Content starts

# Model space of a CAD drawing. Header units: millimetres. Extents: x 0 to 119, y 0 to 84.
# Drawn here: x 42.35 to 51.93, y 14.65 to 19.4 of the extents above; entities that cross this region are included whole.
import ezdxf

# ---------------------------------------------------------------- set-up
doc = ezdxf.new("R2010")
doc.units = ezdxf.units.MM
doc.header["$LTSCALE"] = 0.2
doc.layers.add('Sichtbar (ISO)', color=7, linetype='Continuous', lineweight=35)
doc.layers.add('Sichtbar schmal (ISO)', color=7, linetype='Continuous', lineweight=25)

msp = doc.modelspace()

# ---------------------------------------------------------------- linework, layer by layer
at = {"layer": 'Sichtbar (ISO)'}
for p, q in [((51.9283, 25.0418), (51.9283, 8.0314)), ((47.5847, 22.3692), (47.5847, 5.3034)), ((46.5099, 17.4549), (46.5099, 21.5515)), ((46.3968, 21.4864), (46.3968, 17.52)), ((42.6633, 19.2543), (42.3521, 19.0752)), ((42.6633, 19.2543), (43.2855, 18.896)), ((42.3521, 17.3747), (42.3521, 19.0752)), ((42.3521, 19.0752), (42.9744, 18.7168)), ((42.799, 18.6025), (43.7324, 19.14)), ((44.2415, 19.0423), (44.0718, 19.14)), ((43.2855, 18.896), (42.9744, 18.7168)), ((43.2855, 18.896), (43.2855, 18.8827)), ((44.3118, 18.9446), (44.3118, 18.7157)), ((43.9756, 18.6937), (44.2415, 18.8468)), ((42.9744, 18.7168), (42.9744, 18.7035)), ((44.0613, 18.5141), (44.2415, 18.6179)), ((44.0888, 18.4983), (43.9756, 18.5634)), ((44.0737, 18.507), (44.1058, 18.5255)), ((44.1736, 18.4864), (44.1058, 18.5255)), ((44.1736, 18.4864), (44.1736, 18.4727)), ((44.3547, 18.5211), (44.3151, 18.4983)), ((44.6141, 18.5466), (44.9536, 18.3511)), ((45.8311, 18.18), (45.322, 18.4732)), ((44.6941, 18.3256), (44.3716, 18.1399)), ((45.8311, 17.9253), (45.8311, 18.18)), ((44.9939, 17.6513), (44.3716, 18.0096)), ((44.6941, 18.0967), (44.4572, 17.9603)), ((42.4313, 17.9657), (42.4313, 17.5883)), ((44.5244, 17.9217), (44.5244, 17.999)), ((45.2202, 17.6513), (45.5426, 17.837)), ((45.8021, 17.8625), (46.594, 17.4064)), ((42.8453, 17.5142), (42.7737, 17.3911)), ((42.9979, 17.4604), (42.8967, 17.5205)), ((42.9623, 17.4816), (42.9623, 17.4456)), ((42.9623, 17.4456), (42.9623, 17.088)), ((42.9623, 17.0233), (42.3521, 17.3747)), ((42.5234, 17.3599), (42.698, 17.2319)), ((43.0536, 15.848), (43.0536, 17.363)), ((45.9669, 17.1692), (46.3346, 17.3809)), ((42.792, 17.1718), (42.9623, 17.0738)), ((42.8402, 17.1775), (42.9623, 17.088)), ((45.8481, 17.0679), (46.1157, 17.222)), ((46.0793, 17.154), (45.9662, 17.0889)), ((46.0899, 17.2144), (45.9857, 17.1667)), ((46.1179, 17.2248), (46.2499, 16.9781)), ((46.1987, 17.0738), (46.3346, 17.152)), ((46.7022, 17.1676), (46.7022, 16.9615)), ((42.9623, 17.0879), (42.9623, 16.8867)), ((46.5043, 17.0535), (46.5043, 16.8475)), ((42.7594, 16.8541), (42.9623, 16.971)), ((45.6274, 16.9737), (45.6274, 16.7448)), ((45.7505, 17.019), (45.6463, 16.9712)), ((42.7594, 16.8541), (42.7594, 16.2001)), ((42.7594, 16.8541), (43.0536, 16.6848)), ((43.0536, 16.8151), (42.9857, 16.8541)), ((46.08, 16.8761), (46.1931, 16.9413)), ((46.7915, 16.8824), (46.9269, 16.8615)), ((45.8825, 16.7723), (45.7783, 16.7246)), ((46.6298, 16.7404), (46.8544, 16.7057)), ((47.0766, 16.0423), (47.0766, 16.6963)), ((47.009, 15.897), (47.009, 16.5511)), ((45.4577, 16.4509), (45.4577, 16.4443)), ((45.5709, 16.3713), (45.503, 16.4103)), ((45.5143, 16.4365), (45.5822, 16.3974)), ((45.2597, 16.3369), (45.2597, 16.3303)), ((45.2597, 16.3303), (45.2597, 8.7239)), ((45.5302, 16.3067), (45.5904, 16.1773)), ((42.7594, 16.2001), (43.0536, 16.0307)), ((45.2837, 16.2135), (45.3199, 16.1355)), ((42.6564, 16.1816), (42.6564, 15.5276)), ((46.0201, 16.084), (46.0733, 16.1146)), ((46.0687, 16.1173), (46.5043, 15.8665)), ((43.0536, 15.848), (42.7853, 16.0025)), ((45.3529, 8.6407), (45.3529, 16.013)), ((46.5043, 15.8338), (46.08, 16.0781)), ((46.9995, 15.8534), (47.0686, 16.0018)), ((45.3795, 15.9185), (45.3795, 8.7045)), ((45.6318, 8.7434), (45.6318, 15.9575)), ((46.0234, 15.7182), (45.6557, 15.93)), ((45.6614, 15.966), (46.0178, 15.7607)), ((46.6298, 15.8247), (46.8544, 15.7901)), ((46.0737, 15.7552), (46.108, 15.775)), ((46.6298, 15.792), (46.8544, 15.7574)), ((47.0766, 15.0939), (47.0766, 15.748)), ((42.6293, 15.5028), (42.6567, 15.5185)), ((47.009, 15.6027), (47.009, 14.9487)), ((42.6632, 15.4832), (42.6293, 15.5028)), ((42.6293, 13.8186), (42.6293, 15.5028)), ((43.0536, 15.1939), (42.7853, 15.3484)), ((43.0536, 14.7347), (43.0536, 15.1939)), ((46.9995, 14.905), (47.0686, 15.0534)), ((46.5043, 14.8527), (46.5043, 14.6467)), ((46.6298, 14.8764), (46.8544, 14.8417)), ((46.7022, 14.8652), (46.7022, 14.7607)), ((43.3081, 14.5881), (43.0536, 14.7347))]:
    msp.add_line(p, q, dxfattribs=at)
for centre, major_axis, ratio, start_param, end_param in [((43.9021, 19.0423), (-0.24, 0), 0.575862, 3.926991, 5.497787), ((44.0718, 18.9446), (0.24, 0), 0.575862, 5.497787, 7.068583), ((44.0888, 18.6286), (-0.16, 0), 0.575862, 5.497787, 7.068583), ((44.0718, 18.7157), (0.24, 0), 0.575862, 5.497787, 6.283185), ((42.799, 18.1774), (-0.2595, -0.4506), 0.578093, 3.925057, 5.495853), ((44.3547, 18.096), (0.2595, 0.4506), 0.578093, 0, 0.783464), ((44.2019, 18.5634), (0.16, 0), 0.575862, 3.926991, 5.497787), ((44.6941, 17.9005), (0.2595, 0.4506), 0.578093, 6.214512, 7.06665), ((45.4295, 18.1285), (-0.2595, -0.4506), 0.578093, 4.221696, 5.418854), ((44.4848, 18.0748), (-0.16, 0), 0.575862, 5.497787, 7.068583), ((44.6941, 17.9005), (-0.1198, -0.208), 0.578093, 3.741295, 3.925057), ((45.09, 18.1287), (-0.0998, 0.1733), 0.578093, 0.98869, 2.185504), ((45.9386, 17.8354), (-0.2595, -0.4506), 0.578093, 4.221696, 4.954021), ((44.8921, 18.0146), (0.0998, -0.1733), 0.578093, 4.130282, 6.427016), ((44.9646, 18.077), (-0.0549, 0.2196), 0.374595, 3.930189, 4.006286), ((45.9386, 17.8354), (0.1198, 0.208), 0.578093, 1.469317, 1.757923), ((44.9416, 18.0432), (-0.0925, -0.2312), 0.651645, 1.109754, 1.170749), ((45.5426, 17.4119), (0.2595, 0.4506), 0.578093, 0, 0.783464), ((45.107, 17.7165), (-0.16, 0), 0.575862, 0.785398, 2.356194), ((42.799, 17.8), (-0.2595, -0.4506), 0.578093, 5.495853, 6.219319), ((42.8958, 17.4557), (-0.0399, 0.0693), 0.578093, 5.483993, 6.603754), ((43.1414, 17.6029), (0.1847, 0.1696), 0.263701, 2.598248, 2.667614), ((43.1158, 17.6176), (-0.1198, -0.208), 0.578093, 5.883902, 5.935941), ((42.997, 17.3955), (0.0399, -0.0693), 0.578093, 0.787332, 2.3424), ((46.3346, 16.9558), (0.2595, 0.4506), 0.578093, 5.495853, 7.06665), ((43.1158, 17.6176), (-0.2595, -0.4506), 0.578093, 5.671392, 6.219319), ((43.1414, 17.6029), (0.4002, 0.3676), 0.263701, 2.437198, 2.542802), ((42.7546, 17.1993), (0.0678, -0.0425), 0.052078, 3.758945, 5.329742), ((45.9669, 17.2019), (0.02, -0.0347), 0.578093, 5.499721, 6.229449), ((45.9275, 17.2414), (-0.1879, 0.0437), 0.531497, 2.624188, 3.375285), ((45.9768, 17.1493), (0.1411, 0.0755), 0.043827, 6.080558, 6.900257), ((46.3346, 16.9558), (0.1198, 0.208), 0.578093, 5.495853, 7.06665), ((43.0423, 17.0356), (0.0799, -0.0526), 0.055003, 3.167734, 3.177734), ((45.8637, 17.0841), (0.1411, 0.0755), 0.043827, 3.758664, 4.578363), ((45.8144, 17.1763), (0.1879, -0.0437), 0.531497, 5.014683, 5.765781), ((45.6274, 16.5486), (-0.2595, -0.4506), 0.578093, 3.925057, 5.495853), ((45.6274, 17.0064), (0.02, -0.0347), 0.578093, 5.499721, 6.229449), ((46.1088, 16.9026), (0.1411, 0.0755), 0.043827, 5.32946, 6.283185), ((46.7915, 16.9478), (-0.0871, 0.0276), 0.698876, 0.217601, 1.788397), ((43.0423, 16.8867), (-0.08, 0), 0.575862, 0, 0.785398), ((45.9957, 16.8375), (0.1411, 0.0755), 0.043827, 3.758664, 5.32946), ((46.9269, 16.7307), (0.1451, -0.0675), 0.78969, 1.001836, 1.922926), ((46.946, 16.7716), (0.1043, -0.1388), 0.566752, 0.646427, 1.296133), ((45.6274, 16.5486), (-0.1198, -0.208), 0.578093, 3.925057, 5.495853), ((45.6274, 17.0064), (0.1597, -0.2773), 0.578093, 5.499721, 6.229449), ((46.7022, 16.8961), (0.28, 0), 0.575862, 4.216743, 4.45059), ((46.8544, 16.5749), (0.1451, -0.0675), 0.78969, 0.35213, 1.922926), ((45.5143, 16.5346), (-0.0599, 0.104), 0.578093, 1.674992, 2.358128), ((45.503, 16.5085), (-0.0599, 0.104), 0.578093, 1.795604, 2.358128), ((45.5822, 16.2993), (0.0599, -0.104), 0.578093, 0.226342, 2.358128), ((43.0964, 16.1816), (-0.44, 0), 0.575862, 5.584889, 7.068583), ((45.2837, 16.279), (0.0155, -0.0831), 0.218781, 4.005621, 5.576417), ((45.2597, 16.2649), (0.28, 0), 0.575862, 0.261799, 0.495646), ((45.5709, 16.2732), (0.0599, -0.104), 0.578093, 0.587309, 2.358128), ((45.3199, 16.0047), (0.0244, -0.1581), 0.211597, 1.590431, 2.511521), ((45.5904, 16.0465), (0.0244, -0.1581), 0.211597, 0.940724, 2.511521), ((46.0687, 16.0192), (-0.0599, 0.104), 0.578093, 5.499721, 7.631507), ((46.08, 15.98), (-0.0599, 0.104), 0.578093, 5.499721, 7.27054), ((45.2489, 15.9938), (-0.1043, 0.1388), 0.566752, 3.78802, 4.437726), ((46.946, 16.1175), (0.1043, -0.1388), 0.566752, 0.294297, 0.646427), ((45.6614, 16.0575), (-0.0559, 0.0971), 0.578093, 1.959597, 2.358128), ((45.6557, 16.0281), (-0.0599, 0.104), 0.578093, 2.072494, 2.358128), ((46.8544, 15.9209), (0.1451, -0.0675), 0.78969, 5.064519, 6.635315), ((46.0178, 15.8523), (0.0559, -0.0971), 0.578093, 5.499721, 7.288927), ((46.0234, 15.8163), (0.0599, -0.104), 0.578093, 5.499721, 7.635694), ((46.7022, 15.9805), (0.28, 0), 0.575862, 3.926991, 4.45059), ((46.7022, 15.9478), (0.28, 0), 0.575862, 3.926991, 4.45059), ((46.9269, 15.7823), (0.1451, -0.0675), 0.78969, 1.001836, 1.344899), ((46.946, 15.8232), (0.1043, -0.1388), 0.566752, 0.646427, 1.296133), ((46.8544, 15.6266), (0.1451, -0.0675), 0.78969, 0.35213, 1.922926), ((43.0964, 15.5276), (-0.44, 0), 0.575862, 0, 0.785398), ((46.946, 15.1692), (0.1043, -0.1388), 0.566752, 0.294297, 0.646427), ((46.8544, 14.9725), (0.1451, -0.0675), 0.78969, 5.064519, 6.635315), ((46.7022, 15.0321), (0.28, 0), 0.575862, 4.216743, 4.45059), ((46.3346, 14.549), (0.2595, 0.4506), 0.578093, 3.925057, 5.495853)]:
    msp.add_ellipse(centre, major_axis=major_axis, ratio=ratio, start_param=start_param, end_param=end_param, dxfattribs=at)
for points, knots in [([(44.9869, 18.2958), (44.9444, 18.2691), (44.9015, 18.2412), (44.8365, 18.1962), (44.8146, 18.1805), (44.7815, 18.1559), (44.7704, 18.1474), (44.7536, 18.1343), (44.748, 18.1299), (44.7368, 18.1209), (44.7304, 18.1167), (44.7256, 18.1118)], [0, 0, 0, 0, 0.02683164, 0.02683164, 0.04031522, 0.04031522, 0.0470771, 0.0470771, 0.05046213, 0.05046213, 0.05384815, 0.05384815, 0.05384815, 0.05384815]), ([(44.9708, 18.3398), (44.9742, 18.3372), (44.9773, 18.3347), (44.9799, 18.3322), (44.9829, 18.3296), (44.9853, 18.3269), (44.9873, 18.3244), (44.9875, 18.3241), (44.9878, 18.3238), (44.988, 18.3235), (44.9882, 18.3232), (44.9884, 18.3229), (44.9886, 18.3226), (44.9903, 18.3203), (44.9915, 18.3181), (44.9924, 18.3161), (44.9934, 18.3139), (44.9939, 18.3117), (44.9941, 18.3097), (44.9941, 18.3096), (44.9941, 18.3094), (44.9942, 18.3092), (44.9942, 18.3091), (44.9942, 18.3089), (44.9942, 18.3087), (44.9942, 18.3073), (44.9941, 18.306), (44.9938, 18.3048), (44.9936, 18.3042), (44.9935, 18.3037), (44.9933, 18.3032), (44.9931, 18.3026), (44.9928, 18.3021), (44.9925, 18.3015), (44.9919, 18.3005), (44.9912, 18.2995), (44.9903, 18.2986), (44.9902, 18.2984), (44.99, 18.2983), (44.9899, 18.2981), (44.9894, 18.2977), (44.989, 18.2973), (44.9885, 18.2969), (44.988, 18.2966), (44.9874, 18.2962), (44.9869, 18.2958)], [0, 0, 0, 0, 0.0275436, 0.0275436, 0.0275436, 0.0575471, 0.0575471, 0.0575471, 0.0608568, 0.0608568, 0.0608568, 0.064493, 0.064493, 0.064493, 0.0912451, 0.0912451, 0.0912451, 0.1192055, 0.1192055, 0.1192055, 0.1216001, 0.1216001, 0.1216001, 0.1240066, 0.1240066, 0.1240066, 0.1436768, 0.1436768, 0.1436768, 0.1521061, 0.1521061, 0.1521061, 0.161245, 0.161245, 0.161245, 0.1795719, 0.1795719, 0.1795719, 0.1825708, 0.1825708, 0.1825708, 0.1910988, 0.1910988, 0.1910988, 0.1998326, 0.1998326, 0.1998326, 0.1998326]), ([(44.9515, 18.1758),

Content ends

■ ACTIVITY ■
Apply a filter for "units" to the entries and show each line that passes.

■ WRITTEN REPLY ■
# Model space of a CAD drawing. Header units: millimetres. Extents: x 0 to 119, y 0 to 84.
doc.units = ezdxf.units.MM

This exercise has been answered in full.